Roasted Garlic, Turnip, And Sweet Potato Soup!

Posted by Alfred on October 04, 2015

Hi, did you know that a large white turnip has only 50 calories! Not the tastiest raw but once cooked has a good mild flavor and it also has vitamin C and other nutrients but many American’s don’t try the healthy turnip and when paired with another root vegetable the sweet potato and garlic you can blend them into a very healthy rainy day soup.
So without any further ado let’s add this delicious benefit of health to your food regimen you can also add cumin or orange zest if you like.
One large sweet potato peeled and diced .
One large turnip Peeled and diced .
1tbsp balsamic vinegar 3 Tbsp Olive oil
8 cloves garlic whole and peeled.
2 shallots, sliced , 2tsp chopped thyme
4 cups chicken or veg stock.
1/4 cup white wine
Salt and pepper.
Heat oven to 400° line the sheet pan with Foil Heat oven to 400° line the sheet pan with Foil and spray lightly with cooking spray.

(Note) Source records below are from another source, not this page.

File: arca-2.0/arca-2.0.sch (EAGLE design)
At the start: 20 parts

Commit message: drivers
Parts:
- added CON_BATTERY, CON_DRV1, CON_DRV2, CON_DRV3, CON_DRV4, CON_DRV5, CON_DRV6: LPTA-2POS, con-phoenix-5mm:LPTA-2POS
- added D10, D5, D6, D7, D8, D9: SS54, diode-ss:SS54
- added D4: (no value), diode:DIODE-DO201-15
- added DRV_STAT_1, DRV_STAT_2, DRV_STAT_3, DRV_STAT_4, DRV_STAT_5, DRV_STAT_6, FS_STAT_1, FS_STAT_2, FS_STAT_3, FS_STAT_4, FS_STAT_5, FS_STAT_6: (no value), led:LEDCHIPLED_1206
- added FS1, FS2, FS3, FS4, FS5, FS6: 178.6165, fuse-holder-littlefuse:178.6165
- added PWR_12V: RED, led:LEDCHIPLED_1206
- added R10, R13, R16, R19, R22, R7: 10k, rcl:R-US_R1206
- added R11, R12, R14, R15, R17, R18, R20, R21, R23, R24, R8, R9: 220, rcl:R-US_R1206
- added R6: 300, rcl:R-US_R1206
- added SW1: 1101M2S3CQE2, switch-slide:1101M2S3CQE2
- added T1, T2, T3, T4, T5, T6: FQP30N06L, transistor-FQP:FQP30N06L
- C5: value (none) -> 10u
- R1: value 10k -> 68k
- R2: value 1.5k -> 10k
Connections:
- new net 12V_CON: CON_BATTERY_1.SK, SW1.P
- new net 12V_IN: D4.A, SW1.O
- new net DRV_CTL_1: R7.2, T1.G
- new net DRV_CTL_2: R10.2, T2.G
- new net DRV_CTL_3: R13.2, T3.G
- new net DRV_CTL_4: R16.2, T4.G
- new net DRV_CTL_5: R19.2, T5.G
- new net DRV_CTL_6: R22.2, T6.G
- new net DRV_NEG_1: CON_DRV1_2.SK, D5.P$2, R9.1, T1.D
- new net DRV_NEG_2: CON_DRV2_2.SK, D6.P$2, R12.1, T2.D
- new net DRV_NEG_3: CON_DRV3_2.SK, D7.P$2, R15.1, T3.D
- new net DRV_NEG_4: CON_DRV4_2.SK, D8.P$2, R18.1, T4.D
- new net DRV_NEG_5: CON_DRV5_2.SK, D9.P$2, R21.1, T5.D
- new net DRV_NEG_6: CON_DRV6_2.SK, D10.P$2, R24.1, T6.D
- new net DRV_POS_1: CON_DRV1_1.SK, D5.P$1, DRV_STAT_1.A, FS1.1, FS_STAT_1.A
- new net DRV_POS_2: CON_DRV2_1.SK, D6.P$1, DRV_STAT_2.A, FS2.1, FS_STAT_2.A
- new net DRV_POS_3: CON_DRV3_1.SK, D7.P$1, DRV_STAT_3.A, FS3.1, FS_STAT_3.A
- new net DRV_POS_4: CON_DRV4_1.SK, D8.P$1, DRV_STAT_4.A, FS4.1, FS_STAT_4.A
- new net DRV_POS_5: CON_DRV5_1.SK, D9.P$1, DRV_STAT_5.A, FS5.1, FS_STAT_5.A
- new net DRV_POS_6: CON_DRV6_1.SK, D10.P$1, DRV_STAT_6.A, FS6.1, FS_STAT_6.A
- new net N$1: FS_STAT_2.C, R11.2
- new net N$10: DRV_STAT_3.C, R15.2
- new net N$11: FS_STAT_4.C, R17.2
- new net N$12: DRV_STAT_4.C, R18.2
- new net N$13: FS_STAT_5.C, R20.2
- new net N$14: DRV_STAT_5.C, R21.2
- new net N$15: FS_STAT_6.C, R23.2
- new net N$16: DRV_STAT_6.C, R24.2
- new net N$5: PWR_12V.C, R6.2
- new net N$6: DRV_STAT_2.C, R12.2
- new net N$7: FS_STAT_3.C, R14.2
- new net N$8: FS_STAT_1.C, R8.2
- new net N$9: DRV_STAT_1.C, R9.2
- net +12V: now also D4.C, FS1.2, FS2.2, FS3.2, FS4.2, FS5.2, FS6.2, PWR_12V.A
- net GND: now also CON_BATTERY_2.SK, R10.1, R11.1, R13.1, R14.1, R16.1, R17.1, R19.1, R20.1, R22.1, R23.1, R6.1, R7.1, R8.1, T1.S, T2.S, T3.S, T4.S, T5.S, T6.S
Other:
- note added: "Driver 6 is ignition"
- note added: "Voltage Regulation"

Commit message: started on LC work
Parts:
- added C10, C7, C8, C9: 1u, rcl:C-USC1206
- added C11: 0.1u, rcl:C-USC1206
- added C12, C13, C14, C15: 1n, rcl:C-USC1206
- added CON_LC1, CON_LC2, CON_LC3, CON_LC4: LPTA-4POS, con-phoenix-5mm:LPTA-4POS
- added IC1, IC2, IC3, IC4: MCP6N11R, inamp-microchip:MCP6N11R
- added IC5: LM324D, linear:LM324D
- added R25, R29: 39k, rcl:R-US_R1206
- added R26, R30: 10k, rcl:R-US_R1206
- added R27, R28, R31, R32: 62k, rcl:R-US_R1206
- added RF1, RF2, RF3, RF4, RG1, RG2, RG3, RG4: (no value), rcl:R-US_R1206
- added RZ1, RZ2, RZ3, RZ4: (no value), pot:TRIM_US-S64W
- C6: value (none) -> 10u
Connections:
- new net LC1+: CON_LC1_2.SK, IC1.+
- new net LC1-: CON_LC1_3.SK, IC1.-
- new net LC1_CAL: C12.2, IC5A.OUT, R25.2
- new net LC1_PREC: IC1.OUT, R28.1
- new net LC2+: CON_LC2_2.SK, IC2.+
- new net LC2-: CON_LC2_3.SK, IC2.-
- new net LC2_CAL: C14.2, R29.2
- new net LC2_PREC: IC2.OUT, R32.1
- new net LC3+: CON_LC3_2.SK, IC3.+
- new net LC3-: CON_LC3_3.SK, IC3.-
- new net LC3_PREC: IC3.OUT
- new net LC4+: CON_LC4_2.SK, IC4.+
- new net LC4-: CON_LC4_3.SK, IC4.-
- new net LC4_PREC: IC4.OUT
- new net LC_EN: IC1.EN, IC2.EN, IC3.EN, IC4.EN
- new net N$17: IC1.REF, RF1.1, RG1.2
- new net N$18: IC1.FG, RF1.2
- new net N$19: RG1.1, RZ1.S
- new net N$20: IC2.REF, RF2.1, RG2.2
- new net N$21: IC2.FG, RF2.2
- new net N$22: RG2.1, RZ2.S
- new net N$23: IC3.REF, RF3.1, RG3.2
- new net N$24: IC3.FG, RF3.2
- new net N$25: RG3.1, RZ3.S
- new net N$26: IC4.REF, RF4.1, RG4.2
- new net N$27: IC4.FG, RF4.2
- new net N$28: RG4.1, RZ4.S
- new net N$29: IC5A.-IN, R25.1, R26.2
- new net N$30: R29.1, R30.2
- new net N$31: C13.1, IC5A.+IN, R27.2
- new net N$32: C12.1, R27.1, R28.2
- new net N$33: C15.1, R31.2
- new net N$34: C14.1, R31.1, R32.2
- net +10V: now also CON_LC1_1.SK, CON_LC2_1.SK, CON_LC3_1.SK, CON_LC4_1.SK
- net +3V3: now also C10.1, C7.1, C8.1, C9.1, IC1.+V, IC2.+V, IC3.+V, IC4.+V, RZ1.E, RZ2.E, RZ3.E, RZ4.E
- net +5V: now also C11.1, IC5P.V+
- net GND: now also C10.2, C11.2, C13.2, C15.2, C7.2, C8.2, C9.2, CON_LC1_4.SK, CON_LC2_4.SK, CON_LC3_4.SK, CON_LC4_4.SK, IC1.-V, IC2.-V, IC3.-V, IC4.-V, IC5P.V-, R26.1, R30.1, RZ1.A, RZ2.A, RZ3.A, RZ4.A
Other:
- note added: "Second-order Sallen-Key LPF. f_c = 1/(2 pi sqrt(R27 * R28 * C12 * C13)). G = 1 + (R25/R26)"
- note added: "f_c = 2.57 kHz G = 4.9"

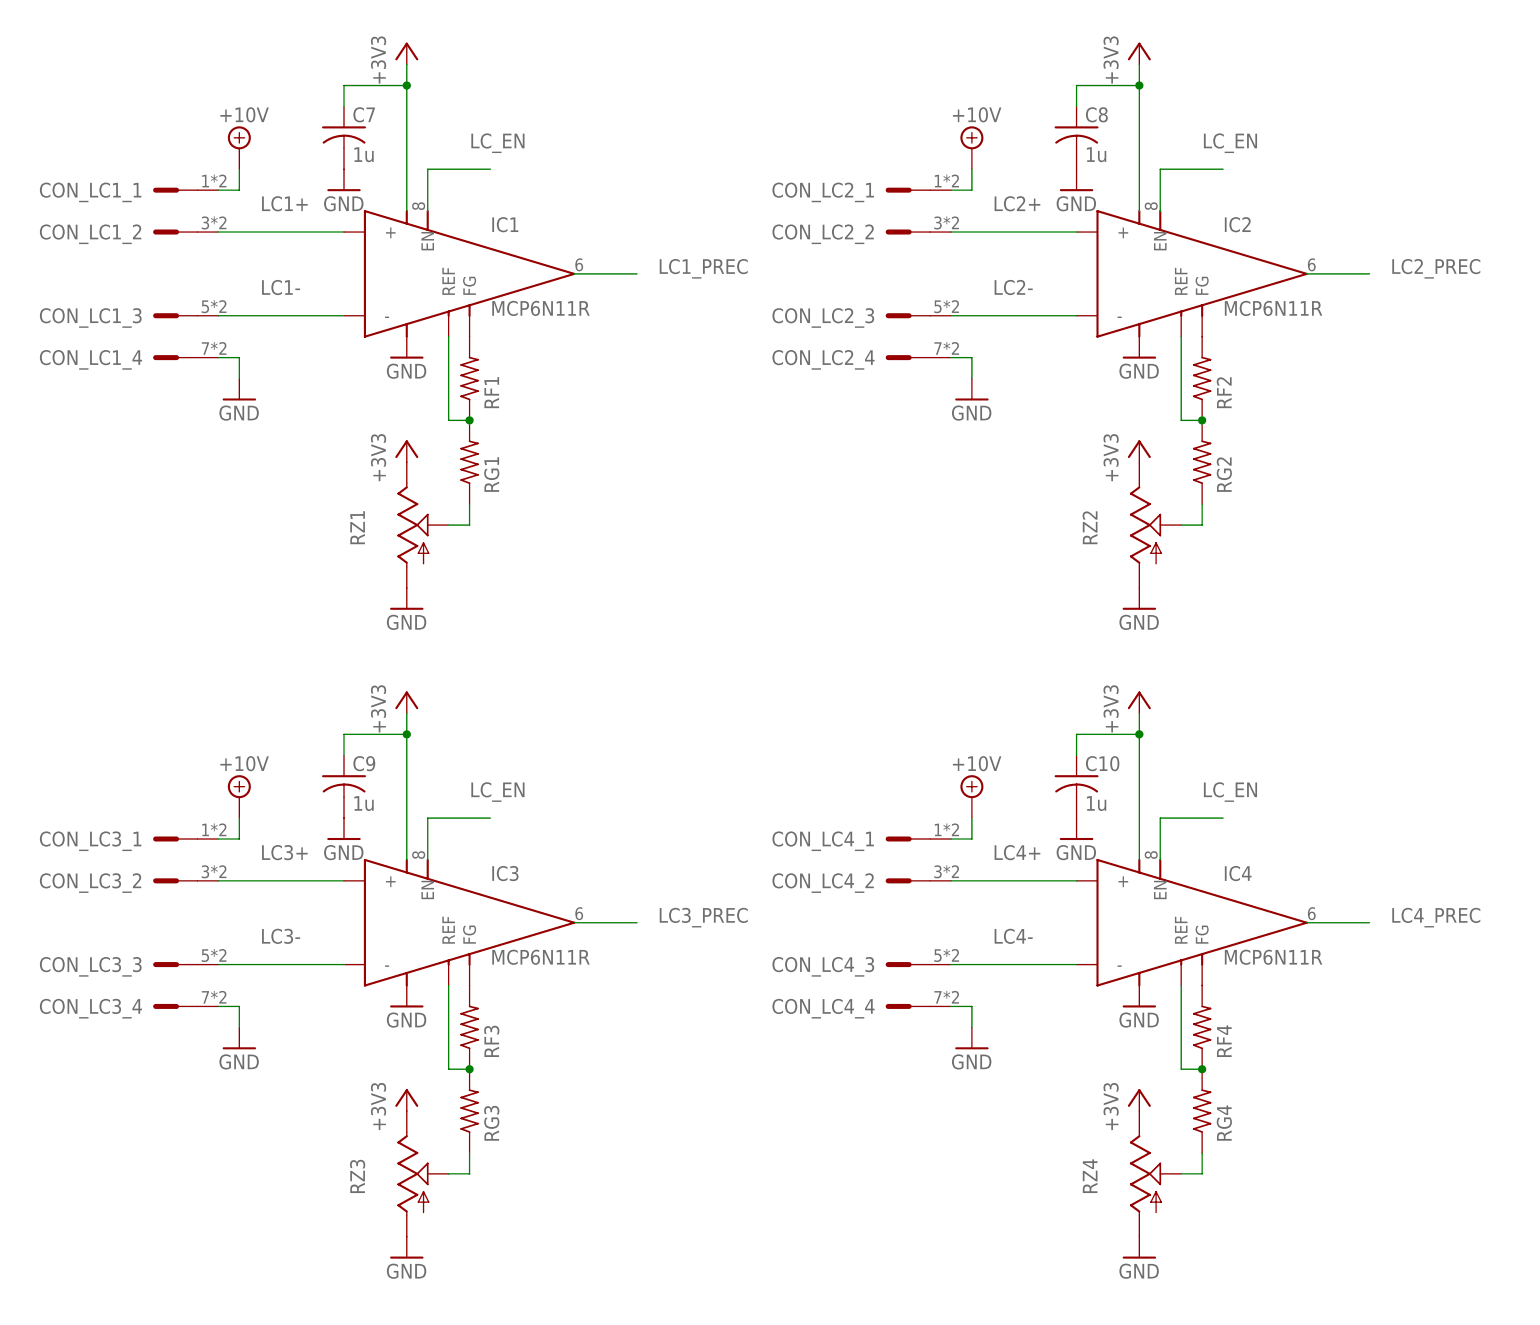
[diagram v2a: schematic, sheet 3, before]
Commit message: fixed incorrect feedback on LC inamp
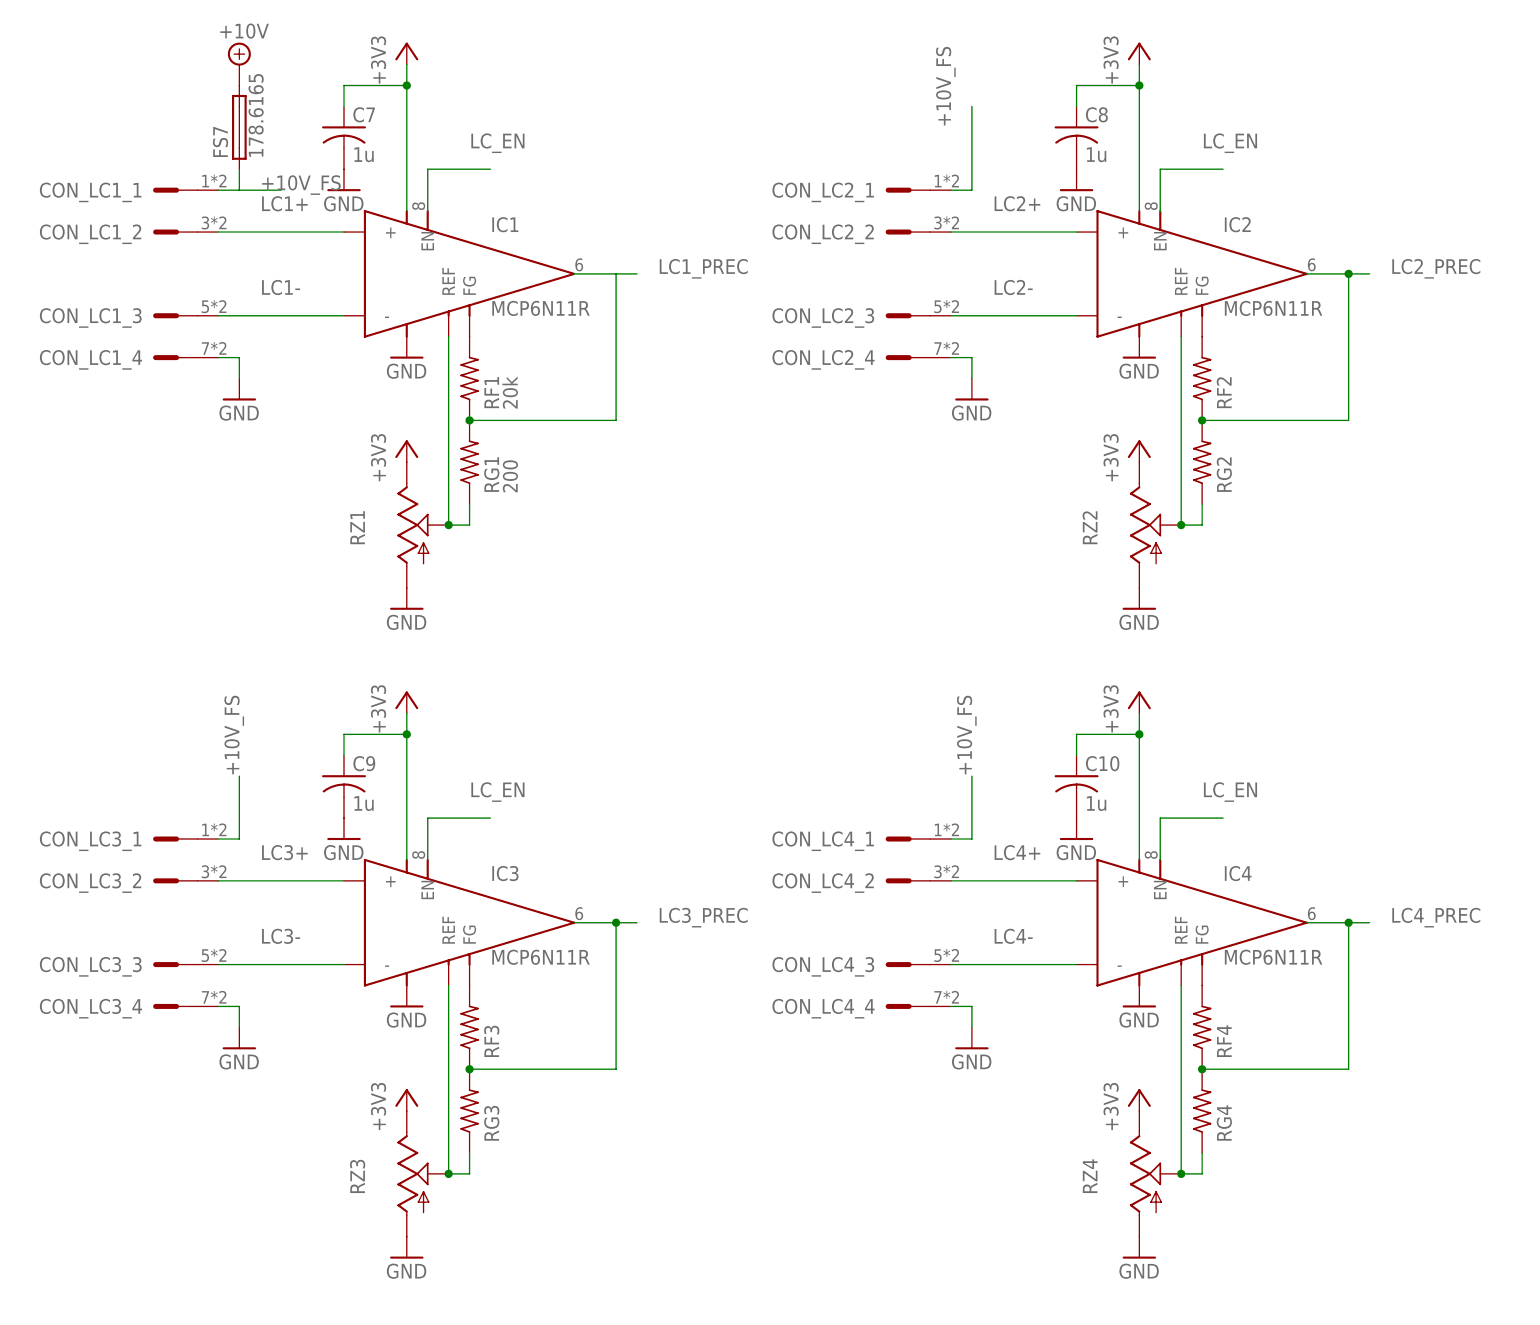
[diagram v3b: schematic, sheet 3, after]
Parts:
- added FS7: 178.6165, fuse-holder-littlefuse:178.6165
- RF1: value (none) -> 20k
- RG1: value (none) -> 200
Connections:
- removed net N$19: RG1.1, RZ1.S
- removed net N$20: IC2.REF, RF2.1, RG2.2
- removed net N$23: IC3.REF, RF3.1, RG3.2
- removed net N$26: IC4.REF, RF4.1, RG4.2
- new net +10V_FS: CON_LC1_1.SK, CON_LC2_1.SK, CON_LC3_1.SK, CON_LC4_1.SK, FS7.1
- net +10V: now also FS7.2; no longer CON_LC1_1.SK, CON_LC2_1.SK, CON_LC3_1.SK, CON_LC4_1.SK
- net LC1_PREC: now also RF1.1, RG1.2
- net LC2_PREC: now also RF2.1, RG2.2
- net LC3_PREC: now also RF3.1, RG3.2
- net LC4_PREC: now also RF4.1, RG4.2
- net N$17: now also RG1.1, RZ1.S; no longer RF1.1, RG1.2
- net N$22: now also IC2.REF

Combine root vegetables in a bowl with 2 tablespoons of the olive oil spread evenly on sheet pan and roast for 15 minutes.
In the same bowl toss the shallots garlic and thyme with remaining tablespoon of olive oil, after vegetables have roasted 15 minutes turn with spatula add garlic, shallots and thyme and cook for another 20 minutes, in a saucepan combine wine and stock, Bring to a gentle simmer and the roasted vegetable mixture and simmer until vegetables are very tender. Add mixture too a blender, (work in small batches if necessary) blend until smooth and return to pan on medium heat for several minutes stir in the vinegar and top with salt and pepper top with a dollop of yogurt or sour cream and shallots or scallion serves six .140 cal 4g protein 2g fiber and 270 mg of sodium.
Please be careful blending hot liquids!